- Prompt -
Work through the records below and copy every line that includes "after".
Excerpted data section start
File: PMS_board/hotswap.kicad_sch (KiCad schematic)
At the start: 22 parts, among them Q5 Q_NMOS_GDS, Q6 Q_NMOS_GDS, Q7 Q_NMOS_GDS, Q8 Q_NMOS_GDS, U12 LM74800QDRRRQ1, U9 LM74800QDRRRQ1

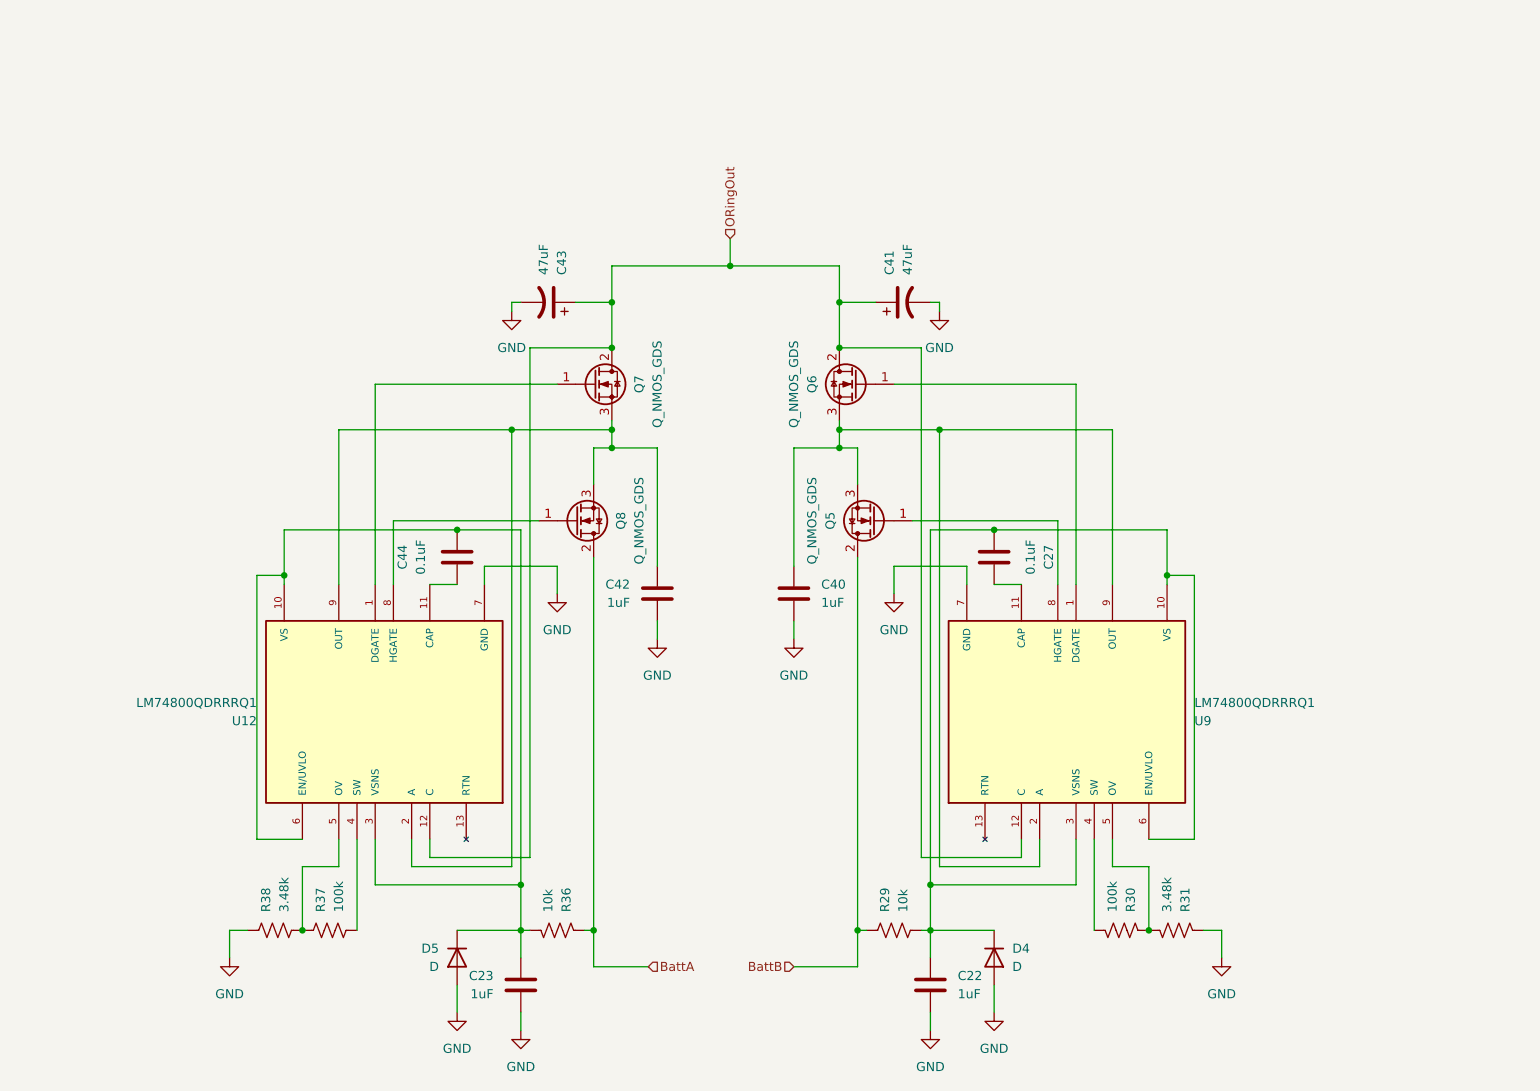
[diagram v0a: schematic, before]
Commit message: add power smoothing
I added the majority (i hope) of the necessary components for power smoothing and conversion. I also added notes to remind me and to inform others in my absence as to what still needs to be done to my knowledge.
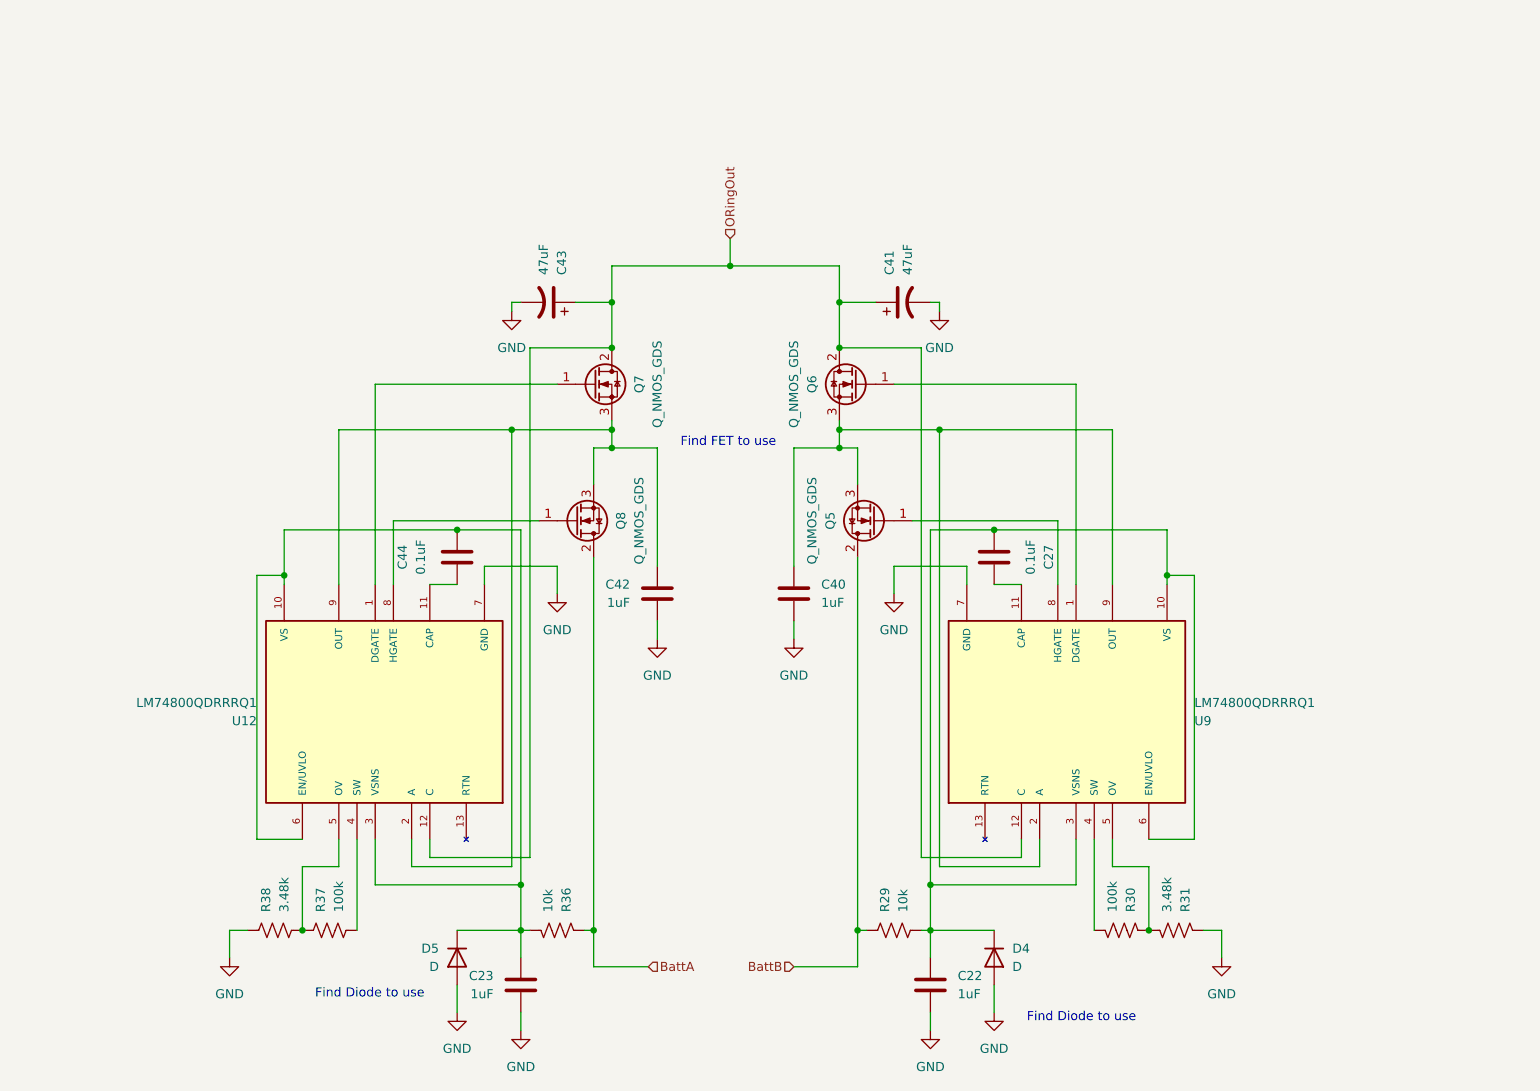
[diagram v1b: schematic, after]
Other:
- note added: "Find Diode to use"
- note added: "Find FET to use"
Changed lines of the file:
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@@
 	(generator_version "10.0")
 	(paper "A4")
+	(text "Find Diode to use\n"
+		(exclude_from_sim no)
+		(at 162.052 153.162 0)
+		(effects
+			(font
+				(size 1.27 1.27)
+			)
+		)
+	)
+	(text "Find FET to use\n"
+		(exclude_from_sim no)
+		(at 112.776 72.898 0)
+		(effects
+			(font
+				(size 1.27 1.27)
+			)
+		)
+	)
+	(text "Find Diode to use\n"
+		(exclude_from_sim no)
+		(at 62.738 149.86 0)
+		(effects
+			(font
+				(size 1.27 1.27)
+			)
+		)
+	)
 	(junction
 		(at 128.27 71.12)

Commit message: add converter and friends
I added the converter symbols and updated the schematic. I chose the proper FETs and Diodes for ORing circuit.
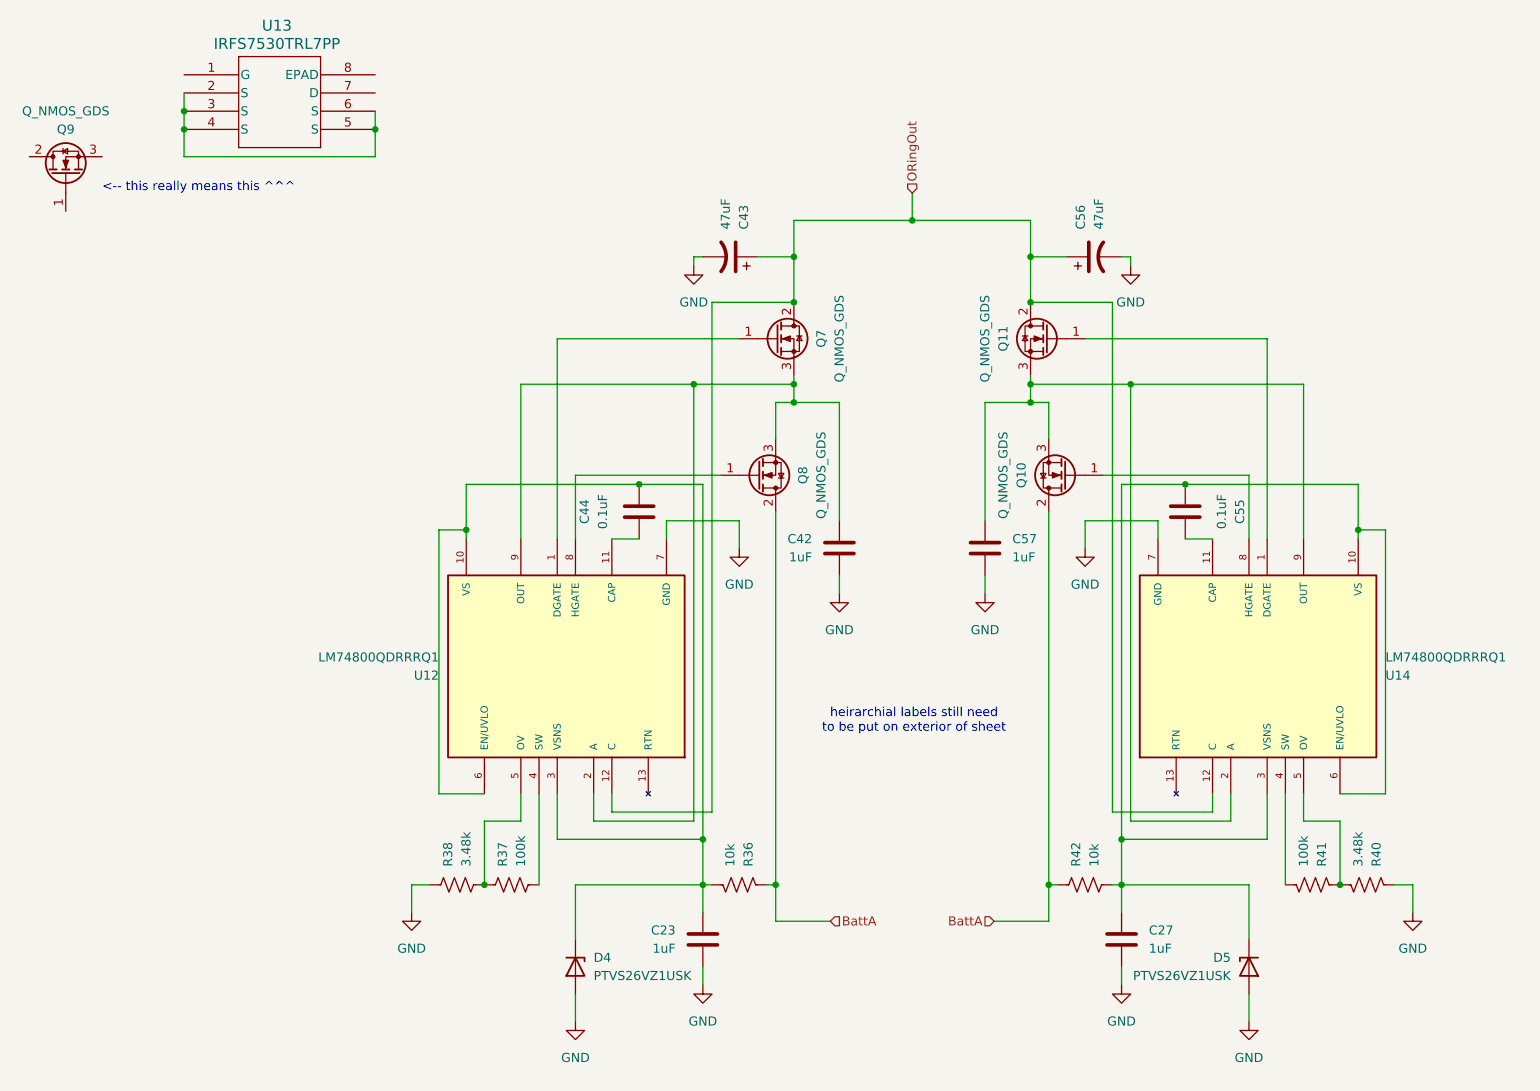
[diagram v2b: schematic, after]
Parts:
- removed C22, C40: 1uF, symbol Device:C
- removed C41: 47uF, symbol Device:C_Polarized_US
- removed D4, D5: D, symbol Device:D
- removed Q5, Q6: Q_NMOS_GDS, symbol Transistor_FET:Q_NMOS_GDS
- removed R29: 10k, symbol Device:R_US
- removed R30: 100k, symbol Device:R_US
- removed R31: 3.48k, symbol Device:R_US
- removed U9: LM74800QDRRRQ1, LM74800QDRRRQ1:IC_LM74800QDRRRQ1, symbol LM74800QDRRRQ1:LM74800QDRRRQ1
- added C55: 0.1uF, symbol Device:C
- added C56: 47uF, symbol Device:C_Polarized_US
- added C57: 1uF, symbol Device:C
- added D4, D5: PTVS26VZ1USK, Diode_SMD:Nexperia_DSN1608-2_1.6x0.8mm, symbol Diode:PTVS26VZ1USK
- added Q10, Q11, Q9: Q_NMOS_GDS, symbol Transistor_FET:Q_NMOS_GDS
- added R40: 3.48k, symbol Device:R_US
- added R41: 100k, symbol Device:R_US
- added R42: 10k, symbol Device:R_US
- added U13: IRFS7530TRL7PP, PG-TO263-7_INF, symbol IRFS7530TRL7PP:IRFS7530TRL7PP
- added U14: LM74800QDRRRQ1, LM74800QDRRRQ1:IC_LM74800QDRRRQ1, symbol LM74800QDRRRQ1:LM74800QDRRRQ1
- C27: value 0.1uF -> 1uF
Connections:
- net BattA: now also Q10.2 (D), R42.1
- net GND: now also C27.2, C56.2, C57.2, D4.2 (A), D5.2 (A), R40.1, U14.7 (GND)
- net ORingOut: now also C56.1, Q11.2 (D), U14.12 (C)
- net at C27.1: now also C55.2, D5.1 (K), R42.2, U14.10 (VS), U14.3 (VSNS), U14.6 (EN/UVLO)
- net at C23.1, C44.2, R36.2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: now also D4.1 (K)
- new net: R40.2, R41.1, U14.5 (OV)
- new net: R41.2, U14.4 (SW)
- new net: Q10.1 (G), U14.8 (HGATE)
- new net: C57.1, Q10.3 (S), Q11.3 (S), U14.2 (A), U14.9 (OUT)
Excerpted data section end
- Result of the exercise -
[diagram v1b: schematic, after]
[diagram v2b: schematic, after]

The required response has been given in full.